Габуния враждебно нахохлился.
— Вот, например, рука, — пояснил Найденов. — Есть у вас рука? Вы можете измерить ее длину? Раз измерить, два измерить, три. Будет примерно одно и то же. С точностью до погрешности измерений. Или, положим, взвесить…
— Скажете тоже, — отмахнулся Габуния. — Не дай бог…
— …измерить объем, плотность… и так далее. То же самое и…
— Рука — вот, — перебил Габуния. Он сунул Найденову под нос внушительный волосатый кулак. — Рука — есть. Отрубишь — взвесишь. Предположим. А душа — где? Как можно взвесить то, чего нет?

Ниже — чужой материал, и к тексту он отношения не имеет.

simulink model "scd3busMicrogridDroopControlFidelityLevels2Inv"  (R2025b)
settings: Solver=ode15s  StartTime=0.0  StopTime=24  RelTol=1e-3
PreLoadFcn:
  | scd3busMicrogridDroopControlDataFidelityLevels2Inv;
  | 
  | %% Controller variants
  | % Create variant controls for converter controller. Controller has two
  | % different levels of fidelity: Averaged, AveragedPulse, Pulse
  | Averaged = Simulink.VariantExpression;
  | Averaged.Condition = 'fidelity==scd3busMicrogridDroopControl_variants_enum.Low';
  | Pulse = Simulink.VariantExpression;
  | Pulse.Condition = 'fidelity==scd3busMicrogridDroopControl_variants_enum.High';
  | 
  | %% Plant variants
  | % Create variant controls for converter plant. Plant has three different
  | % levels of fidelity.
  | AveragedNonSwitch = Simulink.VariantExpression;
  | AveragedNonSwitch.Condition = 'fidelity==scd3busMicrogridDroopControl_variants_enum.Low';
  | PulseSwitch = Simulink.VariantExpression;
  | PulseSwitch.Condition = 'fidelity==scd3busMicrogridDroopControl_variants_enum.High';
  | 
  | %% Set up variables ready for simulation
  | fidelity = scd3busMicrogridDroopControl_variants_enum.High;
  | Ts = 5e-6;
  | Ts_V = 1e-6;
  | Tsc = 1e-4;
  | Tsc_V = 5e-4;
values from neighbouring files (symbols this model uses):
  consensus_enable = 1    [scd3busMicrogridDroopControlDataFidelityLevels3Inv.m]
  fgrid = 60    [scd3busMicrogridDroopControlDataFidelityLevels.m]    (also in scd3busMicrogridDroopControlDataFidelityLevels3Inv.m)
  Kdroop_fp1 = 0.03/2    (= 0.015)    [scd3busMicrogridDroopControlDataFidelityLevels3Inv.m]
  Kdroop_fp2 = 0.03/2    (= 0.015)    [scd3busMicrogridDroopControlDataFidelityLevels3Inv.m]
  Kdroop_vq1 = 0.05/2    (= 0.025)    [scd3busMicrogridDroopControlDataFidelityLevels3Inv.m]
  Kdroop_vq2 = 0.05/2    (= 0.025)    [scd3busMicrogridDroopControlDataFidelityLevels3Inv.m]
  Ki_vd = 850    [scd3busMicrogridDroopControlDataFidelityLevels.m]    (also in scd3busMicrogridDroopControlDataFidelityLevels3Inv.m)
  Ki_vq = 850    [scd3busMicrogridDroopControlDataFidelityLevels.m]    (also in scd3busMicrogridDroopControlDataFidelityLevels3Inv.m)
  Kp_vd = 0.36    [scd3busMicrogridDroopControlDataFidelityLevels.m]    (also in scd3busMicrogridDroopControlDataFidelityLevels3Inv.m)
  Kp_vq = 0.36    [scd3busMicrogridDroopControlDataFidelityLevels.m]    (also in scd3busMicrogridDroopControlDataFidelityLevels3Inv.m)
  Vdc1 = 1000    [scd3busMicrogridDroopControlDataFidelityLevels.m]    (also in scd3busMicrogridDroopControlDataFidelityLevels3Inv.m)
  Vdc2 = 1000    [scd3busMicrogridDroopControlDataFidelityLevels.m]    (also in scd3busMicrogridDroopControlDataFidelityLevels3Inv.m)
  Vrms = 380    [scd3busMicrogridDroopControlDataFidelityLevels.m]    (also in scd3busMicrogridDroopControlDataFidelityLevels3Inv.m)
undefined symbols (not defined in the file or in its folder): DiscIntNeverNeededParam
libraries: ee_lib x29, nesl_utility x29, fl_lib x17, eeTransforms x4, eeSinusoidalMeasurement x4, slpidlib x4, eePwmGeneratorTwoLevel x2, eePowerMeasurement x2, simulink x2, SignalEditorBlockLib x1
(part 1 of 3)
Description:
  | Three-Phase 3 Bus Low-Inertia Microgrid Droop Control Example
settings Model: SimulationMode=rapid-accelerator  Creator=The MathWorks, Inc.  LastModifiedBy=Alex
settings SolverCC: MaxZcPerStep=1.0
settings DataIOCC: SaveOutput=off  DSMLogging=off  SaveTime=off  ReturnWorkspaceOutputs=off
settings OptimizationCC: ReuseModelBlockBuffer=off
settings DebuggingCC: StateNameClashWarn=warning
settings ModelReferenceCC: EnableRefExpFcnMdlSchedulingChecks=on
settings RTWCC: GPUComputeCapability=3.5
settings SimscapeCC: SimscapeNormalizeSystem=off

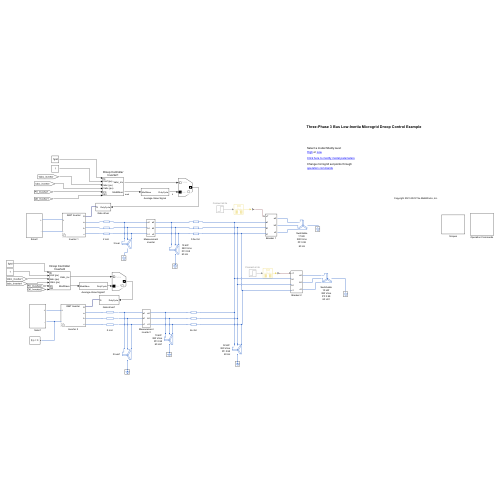
[thumbnail: Simulink's stored preview of the top-level diagram]
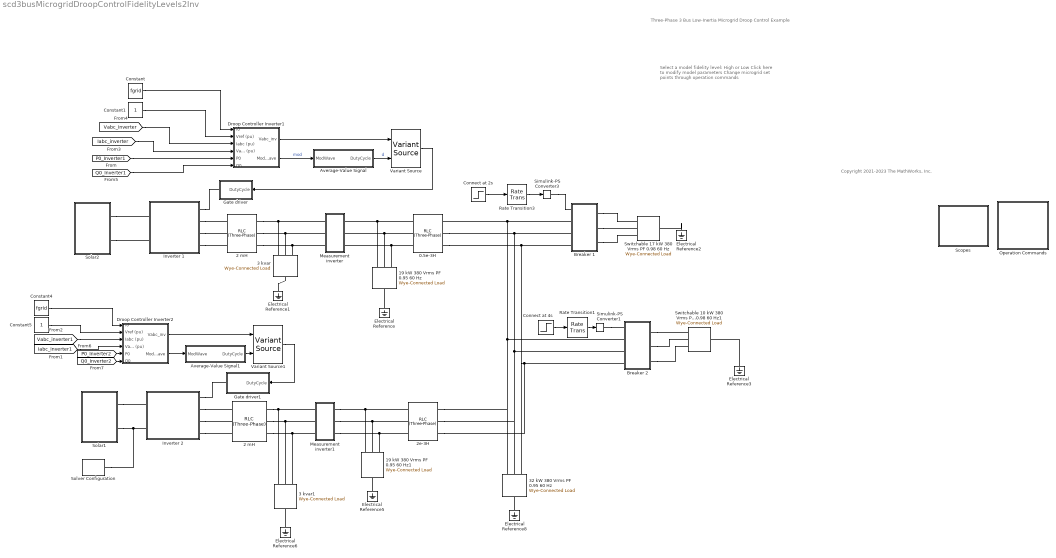
== system scd3busMicrogridDroopControlFidelityLevels2Inv ==
  note: Three-Phase 3 Bus Low-Inertia Microgrid Droop Control Example
  note: Copyright 2021-2023 The MathWorks, Inc.
  note: Select a model fidelity level:
      | High or Low
      |
      | Click here to modify model parameters
      |
      | Change microgrid set points through operation commands
  "0.5e-3H " : ee_lib/Passive/RLC Assemblies/RLC (Three-Phase)  port_option=ee.enum.threePhasePort.expanded  component_structure=ee.enum.rlc.structure.SeriesRL  R=0.02 Ohm  L=0.2e-3 H  C=1 F  R_parasitic=1e-6 Ohm  G_parasitic=1e-6 1/Ohm  IL_specify=on  IL_priority=High  IL=[0, 0, 0] A  IL_nominal_specify=off  IL_nominal_value=1  IL_nominal_unit=A  VC_specify=on  VC_priority=High  VC=[0, 0, 0] V  VC_nominal_specify=off  VC_nominal_value=1  VC_nominal_unit=V
      settings: InternalSimscapePortConfiguration="{\"Bottom\":[],\"Left\":[{\"id\":\"a1\",\"label\":\"a1\",\"type\":\"foundation.electrical.electrical\"},{\"id\":\"b1\",\"label\":\"b1\",\"type\":\"foundation.electrical.electrical\"},{\"id\":\"c1\",\"label\":\"c1\",\"type\":\"foundation.electrical.electrical\"}],\"Right\":[{\"id\":\"a2\",\"label\":\"a2\",\"type\":\"foundation.electrical.electrical\"},{\"id\":\"b2\",\"label\":\"b2\",\"type\":\"foundation.electrical.electrical\"},{\"id\":\"c2\",\"label\":\"c2\",\"type\":\"foundation.electrical.electrical\"}],\"Top\":[]}"
  19 kW 380 Vrms PF 0.95 60 Hz : ee_lib/Passive/RLC Assemblies/Wye-Connected Load  port_option=ee.enum.threePhasePort.expanded  parameterization=2  component_structure=3  component_structure_PQ=ee.enum.rlc.structure.ParallelRL  R=1 Ohm  L=0.001 H  C=1e-6 F  VRated=Vrms V  FRated=fgrid Hz  P=19000 W  Qpos=19000*sqrt(1-0.95^2)/0.95 V*A  Qneg=-3000 V*A  R_parasitic=1e-6 Ohm  G_parasitic=1e-6 1/Ohm  R_parasitic_PQ=1e-6 Ohm  G_parasitic_PQ=1e-6 1/Ohm  Vmag0=380 V  Vang0=0 deg  Freq0=60 Hz  IL_specify=on  IL_priority=High  IL=[ 0 0 0 ] A  IL_nominal_specify=off  IL_nominal_value=1  IL_nominal_unit=A  VC_specify=on  VC_priority=High  VC=[ 0 0 0 ] V  VC_nominal_specify=off  VC_nominal_value=1  VC_nominal_unit=V
      settings: InternalSimscapePortConfiguration="{\"Bottom\":[],\"Left\":[{\"id\":\"a\",\"label\":\"a\",\"type\":\"foundation.electrical.electrical\"},{\"id\":\"b\",\"label\":\"b\",\"type\":\"foundation.electrical.electrical\"},{\"id\":\"c\",\"label\":\"c\",\"type\":\"foundation.electrical.electrical\"}],\"Right\":[{\"id\":\"n\",\"label\":\"n\",\"type\":\"foundation.electrical.electrical\"}],\"Top\":[]}"
  19 kW 380 Vrms PF 0.95 60 Hz1 : ee_lib/Passive/RLC Assemblies/Wye-Connected Load  port_option=ee.enum.threePhasePort.expanded  parameterization=2  component_structure=1  component_structure_PQ=ee.enum.rlc.structure.ParallelRL  R=1 Ohm  L=0.001 H  C=1e-6 F  VRated=Vrms V  FRated=fgrid Hz  P=19000 W  Qpos=19000*sqrt(1-0.95^2)/0.95 V*A  Qneg=-3000 V*A  R_parasitic=1e-6 Ohm  G_parasitic=1e-6 1/Ohm  R_parasitic_PQ=1e-6 Ohm  G_parasitic_PQ=1e-6 1/Ohm  Vmag0=380 V  Vang0=0 deg  Freq0=60 Hz  IL_specify=on  IL_priority=High  IL=[ 0 0 0 ] A  IL_nominal_specify=off  IL_nominal_value=1  IL_nominal_unit=A  VC_specify=on  VC_priority=High  VC=[ 0 0 0 ] V  VC_nominal_specify=off  VC_nominal_value=1  VC_nominal_unit=V
      settings: InternalSimscapePortConfiguration="{\"Bottom\":[],\"Left\":[{\"id\":\"a\",\"label\":\"a\",\"type\":\"foundation.electrical.electrical\"},{\"id\":\"b\",\"label\":\"b\",\"type\":\"foundation.electrical.electrical\"},{\"id\":\"c\",\"label\":\"c\",\"type\":\"foundation.electrical.electrical\"}],\"Right\":[{\"id\":\"n\",\"label\":\"n\",\"type\":\"foundation.electrical.electrical\"}],\"Top\":[]}"
  2 mH : ee_lib/Passive/RLC Assemblies/RLC (Three-Phase)  port_option=ee.enum.threePhasePort.expanded  component_structure=ee.enum.rlc.structure.SeriesRL  R=0.02 Ohm  L=0.002 H  C=1 F  R_parasitic=1e-6 Ohm  G_parasitic=1e-6 1/Ohm  IL_specify=on  IL_priority=High  IL=[0, 0, 0] A  IL_nominal_specify=off  IL_nominal_value=1  IL_nominal_unit=A  VC_specify=on  VC_priority=High  VC=[0, 0, 0] V  VC_nominal_specify=off  VC_nominal_value=1  VC_nominal_unit=V
      settings: InternalSimscapePortConfiguration="{\"Bottom\":[],\"Left\":[{\"id\":\"a1\",\"label\":\"a1\",\"type\":\"foundation.electrical.electrical\"},{\"id\":\"b1\",\"label\":\"b1\",\"type\":\"foundation.electrical.electrical\"},{\"id\":\"c1\",\"label\":\"c1\",\"type\":\"foundation.electrical.electrical\"}],\"Right\":[{\"id\":\"a2\",\"label\":\"a2\",\"type\":\"foundation.electrical.electrical\"},{\"id\":\"b2\",\"label\":\"b2\",\"type\":\"foundation.electrical.electrical\"},{\"id\":\"c2\",\"label\":\"c2\",\"type\":\"foundation.electrical.electrical\"}],\"Top\":[]}"
  "2 mH " : ee_lib/Passive/RLC Assemblies/RLC (Three-Phase)  port_option=ee.enum.threePhasePort.expanded  component_structure=ee.enum.rlc.structure.SeriesRL  R=0.02 Ohm  L=0.002 H  C=1 F  R_parasitic=1e-6 Ohm  G_parasitic=1e-6 1/Ohm  IL_specify=on  IL_priority=High  IL=[0, 0, 0] A  IL_nominal_specify=off  IL_nominal_value=1  IL_nominal_unit=A  VC_specify=on  VC_priority=High  VC=[0, 0, 0] V  VC_nominal_specify=off  VC_nominal_value=1  VC_nominal_unit=V
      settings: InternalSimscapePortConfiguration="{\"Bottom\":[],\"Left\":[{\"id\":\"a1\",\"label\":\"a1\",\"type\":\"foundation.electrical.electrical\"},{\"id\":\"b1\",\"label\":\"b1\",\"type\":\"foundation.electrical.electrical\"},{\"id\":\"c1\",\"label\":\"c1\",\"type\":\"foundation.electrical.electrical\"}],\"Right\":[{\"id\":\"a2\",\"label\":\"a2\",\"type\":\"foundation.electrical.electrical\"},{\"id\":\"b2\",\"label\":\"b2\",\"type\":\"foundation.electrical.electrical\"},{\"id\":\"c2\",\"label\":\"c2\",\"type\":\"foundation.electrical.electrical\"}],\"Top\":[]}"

— Да как же нет? Вы просто не в курсе, — Найденов помедлил. — В общем, вы правы — что уж напоследок тайны скрывать, никому уже не нужны эти тайны… Ладно, тогда следите за мыслью. Значит, во-первых. Вот вы говорите — нет души. Допустим. Допустим, так и есть: души нет. Но откуда в таком случае представление о ней?
Габуния отмахнулся:
— Мало ли откуда! Выдумали вот такие…
И презрительно кивнул в сторону дервиша.
— Ничего нельзя выдумать, — возразил Найденов. — Мы можем только поименовать явление. Или сконструировать что-нибудь из уже известных явлений. Вы когда-нибудь пробовали выдумать что-нибудь такое, чего не существует? Знаете, что рисует ребенок, если его просят изобразить несуществующее животное?
— Ну?
— Он комбинирует — ноги льва, тело крокодила, хобот слона… Фантастический урод получается, да! — но все его части изначально известны. Неизвестное нельзя выдумать! Так откуда же тогда взялось представление о душе?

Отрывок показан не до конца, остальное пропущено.